I like Portia Simpson Miller and know, not feel, she means Jamaica well. If Emily disagrees with me, that does not detract from her professionalism and excellence as a journalist. We don't like contrarians. But we need them. The Jamaican press is all the richer and, indeed, is indebted to contrarians like Gordon Robinson and Ronnie Mason, two of the most provocative, irreverent and disconcerting commentators in Jamaica today. We must cherish them. You don't have to like what they say, but I can't help admiring the spirit of fearlessness, daring, and, yes, cynicism that they exemplify - even when I am at the bitter end of it.

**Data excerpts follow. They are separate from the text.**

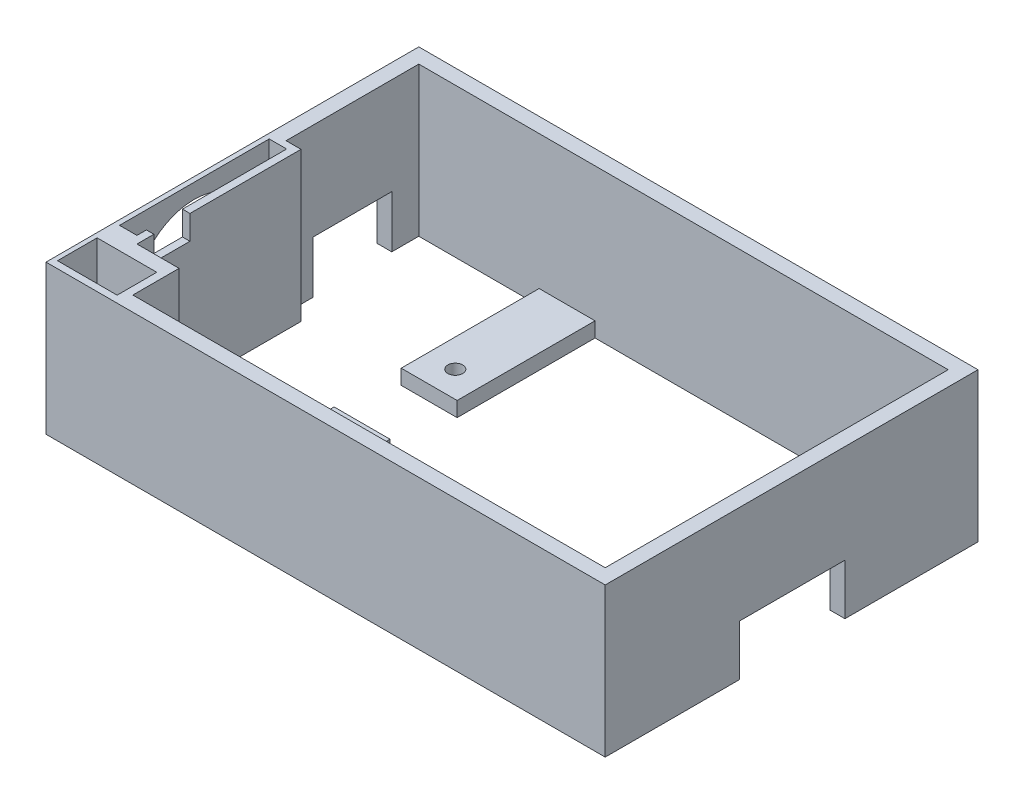
SolidWorks part; units mm, degrees
ref_plane "Front Plane" through (0, 0, 0) normal (0, 0, 1) x (1, 0, 0)
ref_plane "Top Plane" through (0, 0, 0) normal (0, 1, 0) x (1, 0, 0)
ref_plane "Right Plane" through (0, 0, 0) normal (1, 0, 0) x (0, 0, -1)
sketch "Sketch1" plane through (0, 0, 0) normal (0, 1, 0) x (1, 0, 0)
  line L1 (0, 0) -> (150, 0)
  line L2 (0, 0) -> (0, 100)
  line L3 (0, 100) -> (150, 100)
  line L4 (150, 0) -> (150, 100)
  line L5 (4, 96) -> (146, 96)
  line L6 (4, 96) -> (4, 4)
  line L7 (4, 4) -> (146, 4)
  line L8 (146, 96) -> (146, 4)
  dimension "D1" = 4
  dimension "D2" = 4
  dimension "D3" = 4
  dimension "D4" = 4
  dimension "D5" = 150
  dimension "D6" = 100
extrude "Boss-Extrude1" add sketch "Sketch1" along normal blind 40
sketch "Sketch10" plane through (4, 0, 0) normal (1, 0, 0) x (0, 0, -1)
  line L0 (96, 0) -> (4, 0) construction
  line L1 (18.3994, 0) -> (58.3994, 0)
  line L2 (18.3994, 0) -> (18.3994, 40)
  line L3 (18.3994, 40) -> (58.3994, 40)
  line L4 (58.3994, 0) -> (58.3994, 40)
  line L5 (96, 40) -> (4, 40) construction
  circle A0 centre (38.3994, 20) radius 20
  circle A1 centre (38.3994, 20) radius 16
  dimension "D1" = 40
sketch "Sketch11" plane through (4, 0, 0) normal (1, 0, 0) x (0, 0, -1)
  line L0 (18.3994, 0) -> (16.3994, 0)
  line L1 (96, 0) -> (4, 0) construction
  line L2 (16.3994, 0) -> (16.3994, 40)
  line L3 (96, 40) -> (4, 40) construction
  line L4 (16.3994, 40) -> (18.3994, 40)
  line L5 (18.3994, 40) -> (18.3994, 0)
  line L6 (58.3994, 0) -> (58.3994, 40)
  line L7 (58.3994, 40) -> (60.3994, 40)
  line L8 (60.3994, 40) -> (60.3994, 0)
  line L9 (60.3994, 0) -> (58.3994, 0)
extrude "Boss-Extrude5" add sketch "Sketch11" along normal blind 4
sketch "Sketch12" plane through (0, 0, -18.3994) normal (0, 0, -1) x (-1, 0, 0)
  line L0 (-8, 0) -> (-4, 0) construction
  line L1 (-8, 40) -> (-6, 40)
  line L2 (-8, 40) -> (-8, 0)
  line L3 (-8, 0) -> (-6, 0)
  line L4 (-6, 40) -> (-6, 0)
extrude "Boss-Extrude6" add sketch "Sketch12" along normal up to surface (42 mm away) up to face at (6, 20, -60.3994)
sketch "Sketch13" plane through (0, 40, 0) normal (0, 1, 0) x (1, 0, 0)
  line L0 (0, 100) -> (0, 0) construction
  line L1 (6, 18.3994) -> (1.32, 18.3994)
  line L2 (6, 18.3994) -> (6, 58.5494)
  line L3 (6, 58.5494) -> (1.32, 58.5494)
  line L4 (1.32, 18.3994) -> (1.32, 58.5494)
  line L5 (6, 58.3994) -> (6, 18.3994) construction
  line L6 (8, 60.3994) -> (8, 16.3994) construction
  dimension "D1" = 4.68
  dimension "D2" = 40.15
  dimension "D3" = 1.32
  dimension "D4" = 2
extrude "Cut-Extrude4" cut sketch "Sketch13" against normal up to surface (40 mm away) up to face at (5, 0, -38.3994)
extrude "Cut-Extrude5" cut sketch "Sketch10" against normal blind 42 contours A1 region at (4, 20, -38.3994)
sketch "Sketch14" plane through (0, 0, 0) normal (0, -1, 0) x (-1, 0, 0)
  line L0 (-4, 4) -> (-146, 4) construction
  line L1 (-36.279, 4) -> (-51.279, 4)
  line L2 (-36.279, 4) -> (-36.279, 41)
  line L3 (-36.279, 41) -> (-51.279, 41)
  line L4 (-51.279, 4) -> (-51.279, 41)
  line L5 (-146, 96) -> (-4, 96) construction
  line L6 (-36.279, 96) -> (-51.279, 96)
  line L7 (-36.279, 96) -> (-36.279, 59)
  line L8 (-36.279, 59) -> (-51.279, 59)
  line L9 (-51.279, 96) -> (-51.279, 59)
  line L11 (-127.5398, 96) -> (-112.5398, 96)
  line L12 (-127.5398, 96) -> (-127.5398, 59)
  line L13 (-127.5398, 59) -> (-112.5398, 59)
  line L14 (-112.5398, 96) -> (-112.5398, 59)
  line L21 (-127.5398, 4) -> (-112.5398, 4)
  line L22 (-127.5398, 4) -> (-127.5398, 41)
  line L23 (-127.5398, 41) -> (-112.5398, 41)
  line L24 (-112.5398, 4) -> (-112.5398, 41)
  circle A4 centre (-43.779, 34) radius 2
  circle A6 centre (-43.779, 66) radius 2
  circle A7 centre (-120.0398, 65.2431) radius 2
  circle A8 centre (-120.0398, 34) radius 2
  dimension "D8" = 15
  dimension "D4" = 7
  dimension "D1" = 37
  dimension "D2" = 15
  dimension "D3" = 37
  dimension "D5" = 7
  dimension "D7" = 37
sketch "Sketch15" plane through (4, 0, 0) normal (1, 0, 0) x (0, 0, -1)
  line L0 (96, 0) -> (60.3994, 0) construction
  line L2 (67.65, 0) -> (67.65, 14)
  line L3 (67.65, 14) -> (88.75, 14)
  line L4 (88.75, 0) -> (88.75, 14)
  line L5 (96, 40) -> (96, 0) construction
  line L9 (67.65, 0) -> (88.75, 0)
  line L11 (60.3994, 0) -> (60.3994, 40) construction
  line L12 (60.3994, 0) -> (60.3994, 40) construction
  point P12 (60.3994, 0)
  dimension "D1" = 21.1
  dimension "D2" = 14
  dimension "D3" = 7.25
  dimension "D4" = 7.2506
  dimension "D5" = 35.6006
extrude "Cut-Extrude6" cut sketch "Sketch15" against normal blind 10
extrude "Boss-Extrude7" add sketch "Sketch14" against normal blind 4
sketch "Sketch16" plane through (150, 0, 0) normal (1, 0, 0) x (0, 0, -1)
  line L0 (0, 0) -> (100, 0) construction
  line L1 (36.0481, 0) -> (64.3045, 0)
  line L2 (36.0481, 0) -> (36.0481, 13.6043)
  line L3 (36.0481, 13.6043) -> (64.3045, 13.6043)
  line L4 (64.3045, 0) -> (64.3045, 13.6043)
extrude "Cut-Extrude7" cut sketch "Sketch16" against normal up to surface (4 mm away) up to face at (146, 20, -50)
sketch "Sketch17" plane through (0, 40, 0) normal (0, 1, 0) x (1, 0, 0)
  line L0 (4, 4) -> (146, 4) construction
  line L1 (4, 16.3994) -> (19.3, 16.3994)
  line L2 (4, 16.3994) -> (4, 4)
  line L3 (4, 4) -> (19.3, 4)
  line L4 (19.3, 16.3994) -> (19.3, 4)
  dimension "D1" = 15.3
extrude "Boss-Extrude8" add sketch "Sketch17" against normal up to surface (40 mm away) up to face at (78.4547, 0, -82.3818)
sketch "Sketch18" plane through (0, 40, 0) normal (0, 1, 0) x (1, 0, 0)
  line L1 (1.22, 1.8626) -> (17.22, 1.8626)
  line L2 (1.22, 1.8626) -> (1.22, 12.4926)
  line L3 (1.22, 12.4926) -> (17.22, 12.4926)
  line L4 (17.22, 1.8626) -> (17.22, 12.4926)
  dimension "D1" = 16
  dimension "D2" = 10.63
extrude "Cut-Extrude8" cut sketch "Sketch18" against normal blind 20
sketch "Sketch19" plane through (0, 0, -12.4926) normal (0, 0, 1) x (1, 0, 0)
  line L0 (17.22, 20) -> (1.22, 20) construction
  line L1 (11.2343, 20) -> (16.1452, 20)
  line L2 (11.2343, 20) -> (11.2343, 30)
  line L3 (11.2343, 30) -> (16.1452, 30)
  line L4 (16.1452, 20) -> (16.1452, 30)
extrude "Cut-Extrude9" cut sketch "Sketch19" against normal blind 20
sketch "Sketch20" plane through (8, 0, 0) normal (1, 0, 0) x (0, 0, -1)
  line L0 (60.3994, 40) -> (16.3994, 40) construction
  line L1 (20.9377, 40) -> (30.6084, 40)
  line L2 (20.9377, 40) -> (20.9377, 33.5357)
  line L3 (20.9377, 33.5357) -> (30.6084, 33.5357)
  line L4 (30.6084, 40) -> (30.6084, 33.5357)
extrude "Cut-Extrude10" cut sketch "Sketch20" against normal blind 4
sketch "Sketch21" plane through (0, 40, 0) normal (0, 1, 0) x (1, 0, 0)
  line L0 (8, 16.3994) -> (0, 16.3994)
  line L1 (0, 100) -> (0, 0) construction
  line L2 (0, 16.3994) -> (19.3, 16.3994)
  line L3 (19.3, 16.3994) -> (19.3, 0)
  line L4 (0, 0) -> (150, 0) construction
  dimension "D1" = 19.3
  dimension "D2" = 16.3994

But such is the inconvenience of free expression.

But we don't really respect democracy and a plurality for views in this country. We mouth it in the right for a, but in our heart of hearts, we resent people who don't toe a particular line. That is why we are contemptuous of people like Emily Crooks, Gordon Robinson and Ronnie Mason and why they are so regularly abused by people on both sides. (Though Emily is enjoying a reprieve from Labourites now!)

I salute young, outstanding journalists like George Davis, Abka Fitz-Henley (Watch these two!) and Kirk Wright. Kirk has a passion for stories about our inner cities unequalled by anyone else in our media fraternity.

A country which has such journalists as Cliff Hughes and Earl Moxam has every reason to be proud. These journalists can hold their own anywhere in the world. And to my own editors who are cosmopolitan enough in this anti-intellectual environment to allow my particular brand of column writing to have full expression, I say, big up, guys, at the close of National Journalism Week.